# Taking Hedgie to Vet...



## LovingQuills (Oct 15, 2008)

Okay I'm not sure if this is the appropriate place for this question, but here goes.....

Tomorrow I am taking Hedgie to the vet. Its a 60+ mi drive and I'm wondering what is the best way to travel w/ her??? She really is a sleepy girl and even when we take her out in the evenings/nights she will move around if we just set her on the floor, but if we are hold her, she finds a snuggly spot and goes right to sleep, so I was wondering about just using her hedgie bag so she'd be most comfortable??? Also should I get a few of them hand warmers (do I need to wrap them in something before placing them in her bag I'd assume??) to keep her warm, going between the house and car, car and vet, etc?? (Its cold here in WI, barely in the 40's, maybe low 50's max.) 

Okay thanx. I'll update when I get back tomorrow night. 

Jessie


----------



## Luvin_Hedgies (Sep 1, 2008)

I would remove food a few hours before leaving for your trip. A full stomach + a car ride can lead to motion sickness so removing the food beforehand will help.

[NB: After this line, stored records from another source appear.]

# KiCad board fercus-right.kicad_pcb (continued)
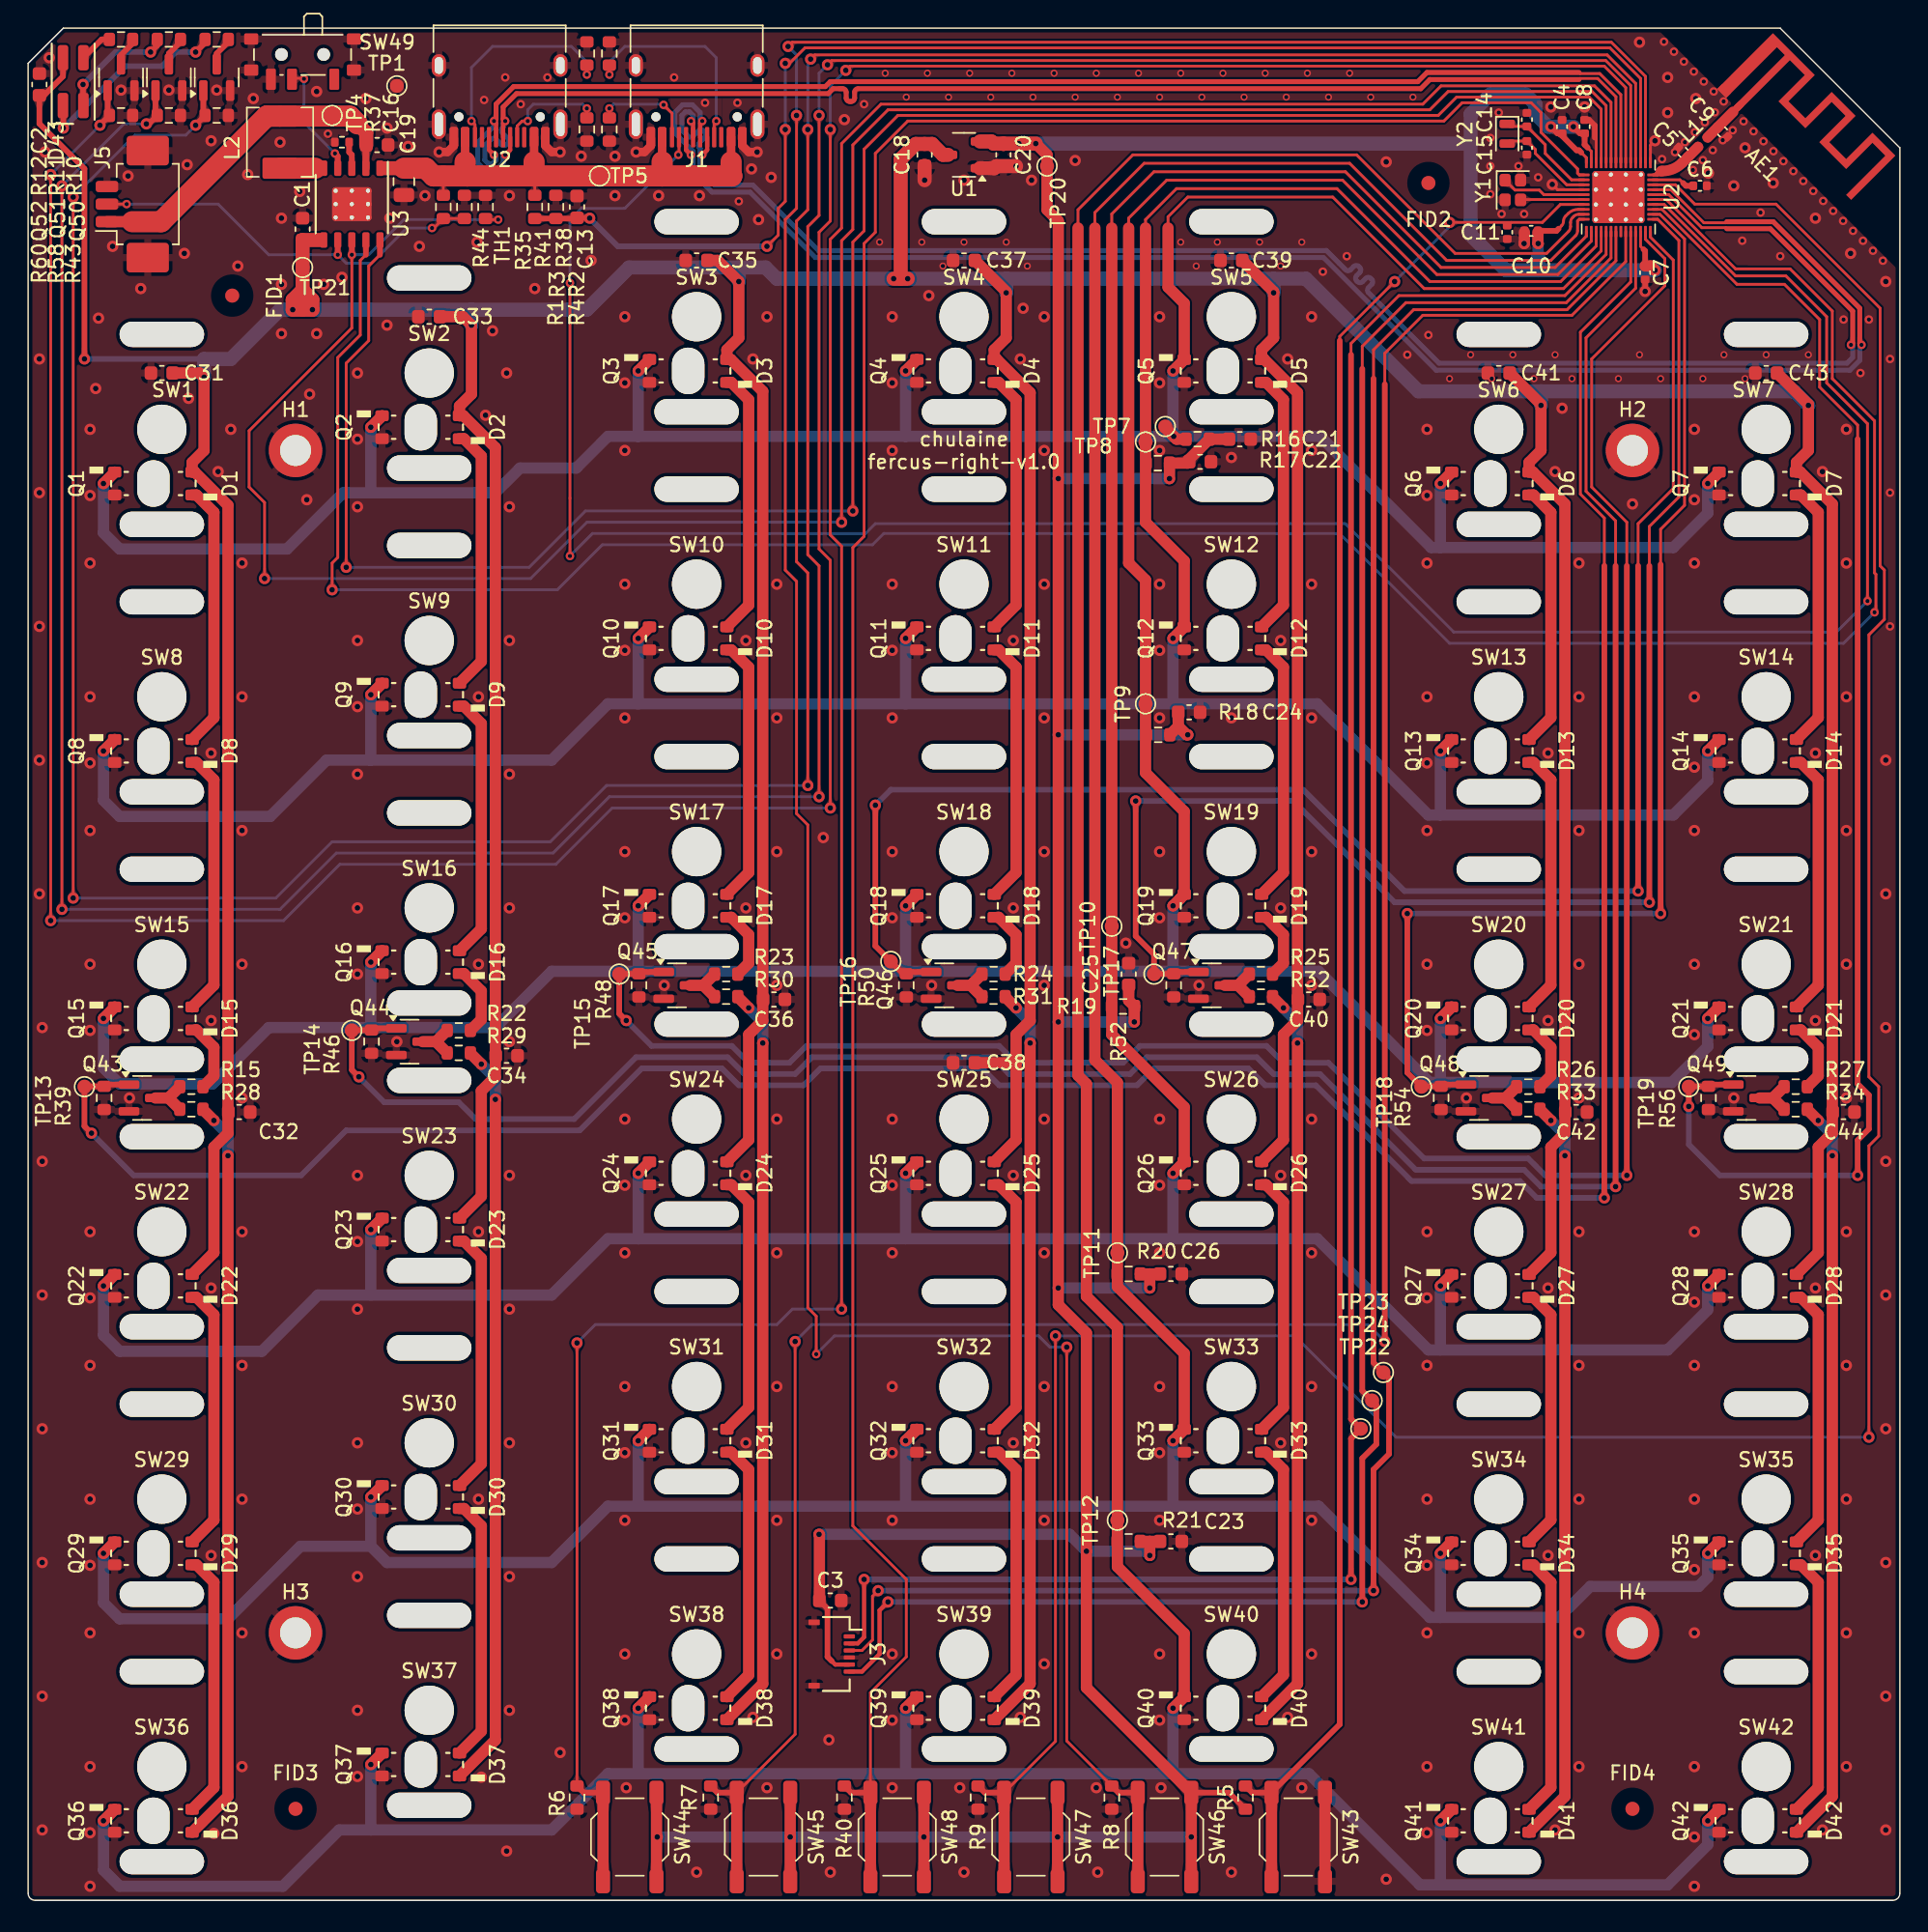
[diagram p0: board, top side]
## Footprints (pads in the part's own frame, mm; a bottom-side part is the same pattern mirrored in y, then rotated)
C_0402_1005Metric
  rrect 0.56x0.62 smd: 1(-0.48,0) 2(0.48,0)
C_0603_1608Metric
  rrect 0.9x0.95 smd: 1(-0.775,0) 2(0.775,0)
C_0805_2012Metric
  rrect 1x1.45 smd: 1(-0.95,0) 2(0.95,0)
Crystal_SMD_2012-2Pin_2.0x1.2mm
  rrect 0.6x1.1 smd: 1(-0.7,0) 2(0.7,0)
Crystal_SMD_2016-4Pin_2.0x1.6mm
  rrect 0.9x0.8 smd: 1(-0.7,-0.55) 2(0.7,-0.55) 3(0.7,0.55) 4(-0.7,0.55)
Everlight_LED_RGB_PLCC-4
  rrect 1.8x0.75 smd: 1(-1.7,0.725) 2(1.7,0.725) 3(1.7,-0.725) 4(-1.7,-0.725)
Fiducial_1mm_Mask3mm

I wouldn't travel with her just sitting on your lap in a hedgiebag. The safest way for her to travel is in a hard sided cat carrier. If you were in a car accident, a rescue team would know to look for a pet carrier rather than a loose hedgehog. Place her in a hedgiebag, and then into the cat carrier. My boys go anywhere like this and they usually fall asleep.

I travel with a Snuggle Safe Disc but the hand warmers are definitely good to use. Warm up your car before you leave so that the air is toasty  Bring some hand warmers along (wrap them in fleece) as usually vets offices are chilly. Place them under her bag, not directly in the bag. I put down the snuggle safe disc, a few layers of fleece as padding, and then the hedgie on top in a hedgiebag & usually a blankie or two over the top to help prevent any drafts.


----------



## LovingQuills (Oct 15, 2008)

Okay thanx. I have the metal carriers I use for the chins, I'll use one hole in one of them for her. I'll use the center compartment so it'll be less likely to have a draft and will cover it as well. I will go get some hand warmers tomorrow, as I don't have a snuggle disk and it wouldn't fit in the carrier anyhow. I will use her snuggle bag though and some extra fleece as well. I will also remember to pull the food, but I don't think she usually gets up and eats much during the day anyhow. Would it be good to wake her about 1/2 hr before we are going and see if she'll move about the cage a bit and go potty as well?? 

Jessie


----------



## Kalandra (Aug 25, 2008)

Sure, wake her up before you leave. Give her a chance to go to the bathroom. However, do not be surprised if she doesn't go and then does go as soon as you are on the road and unable to remove it. I've had a couple that just seemed to like to torture me with a really smelly poo while in a closed car. I think it was payback for telling them they were going to the veterinarian.


----------



## r_k_chic47 (Aug 28, 2008)

Kalandra, what veterinarian do you go to? I'm in Michigan too so I thought maybe your vet may be near me. Also, what is another alternative if you don't have a cat carrier or a metal rabbit/chinchilla carrier?


----------



## Kalandra (Aug 25, 2008)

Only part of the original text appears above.